## Task instructions
Here are the records. Write out exactly the lines between the one holding "[picture b1bot: board" and the one holding "Board: 2 copper", inclusive.

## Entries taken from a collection
════════════════

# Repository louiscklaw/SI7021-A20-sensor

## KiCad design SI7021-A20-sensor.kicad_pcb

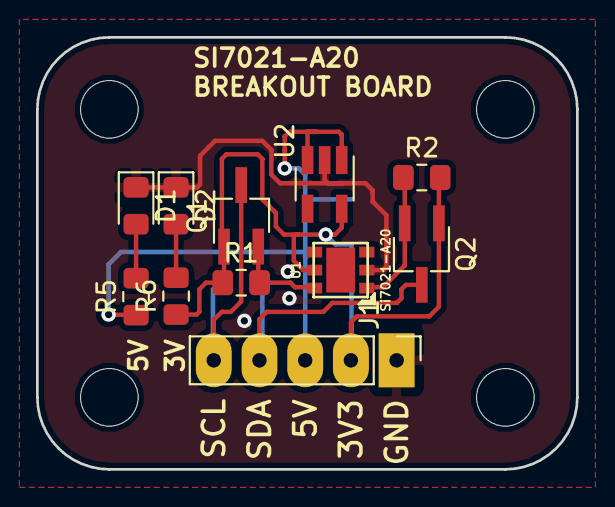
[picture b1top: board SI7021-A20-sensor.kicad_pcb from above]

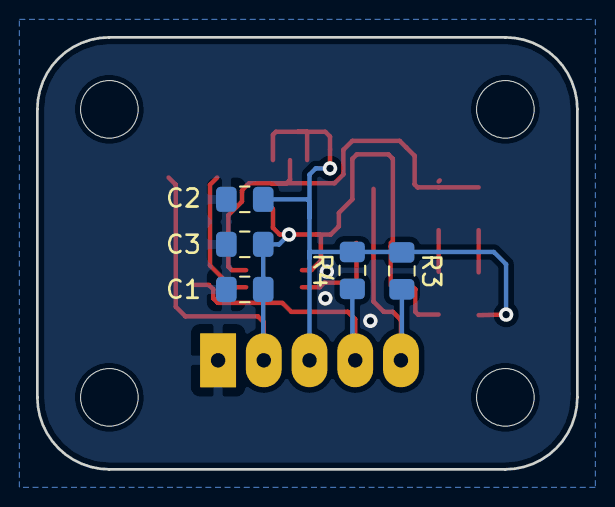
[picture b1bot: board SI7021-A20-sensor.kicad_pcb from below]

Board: 2 copper layers, 30.0 x 24.0 mm, 16 parts (5 on the bottom side), 9 nets.

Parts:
C1: 104; C_0805_2012Metric_Pad1.15x1.40mm_HandSolder
C2, C3: 106; C_0805_2012Metric_Pad1.15x1.40mm_HandSolder
D1, D2: LED; LED_0805_2012Metric_Pad1.15x1.40mm_HandSolder
J1: Conn_01x05; Pin_Header_Straight_1x05_Pitch2.54mm
Q1, Q2: BSS138; TSOT-23_HandSoldering
R1, R2, R3, R4: 103; R_0805_2012Metric_Pad1.15x1.40mm_HandSolder
R5: 102; R_0805_2012Metric_Pad1.15x1.40mm_HandSolder
R6: 501; R_0805_2012Metric_Pad1.15x1.40mm_HandSolder
U1: Si7021-A20; dfn6-3x3
U2: MIC5225-3.3; SOT-23-5_HandSoldering

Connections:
+3V3: C1.1, C3.1, J1.2, Q1.1, Q2.1, R1.1, R2.2, R6.1, U1.5, U2.5
+5V: C2.1, J1.3, R3.1, R4.2, R5.1, U2.1, U2.3
/SCL: J1.5, Q1.3, R3.2
/SCL_3V3: Q1.2, R1.2, U1.6
/SDA: J1.4, Q2.3, R4.1
/SDA_3V3: Q2.2, R2.1, U1.1
GND: C1.2, C2.2, C3.2, D1.1, D2.1, J1.1, U1.2, U2.2
unnamed: D1.2, R5.2
unnamed: D2.2, R6.2

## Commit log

2018-10-06 init commit,
2018-10-11 update,

════════════════

## Answer box
[picture b1bot: board SI7021-A20-sensor.kicad_pcb from below]

Board: 2 copper layers, 30.0 x 24.0 mm, 16 parts (5 on the bottom side), 9 nets.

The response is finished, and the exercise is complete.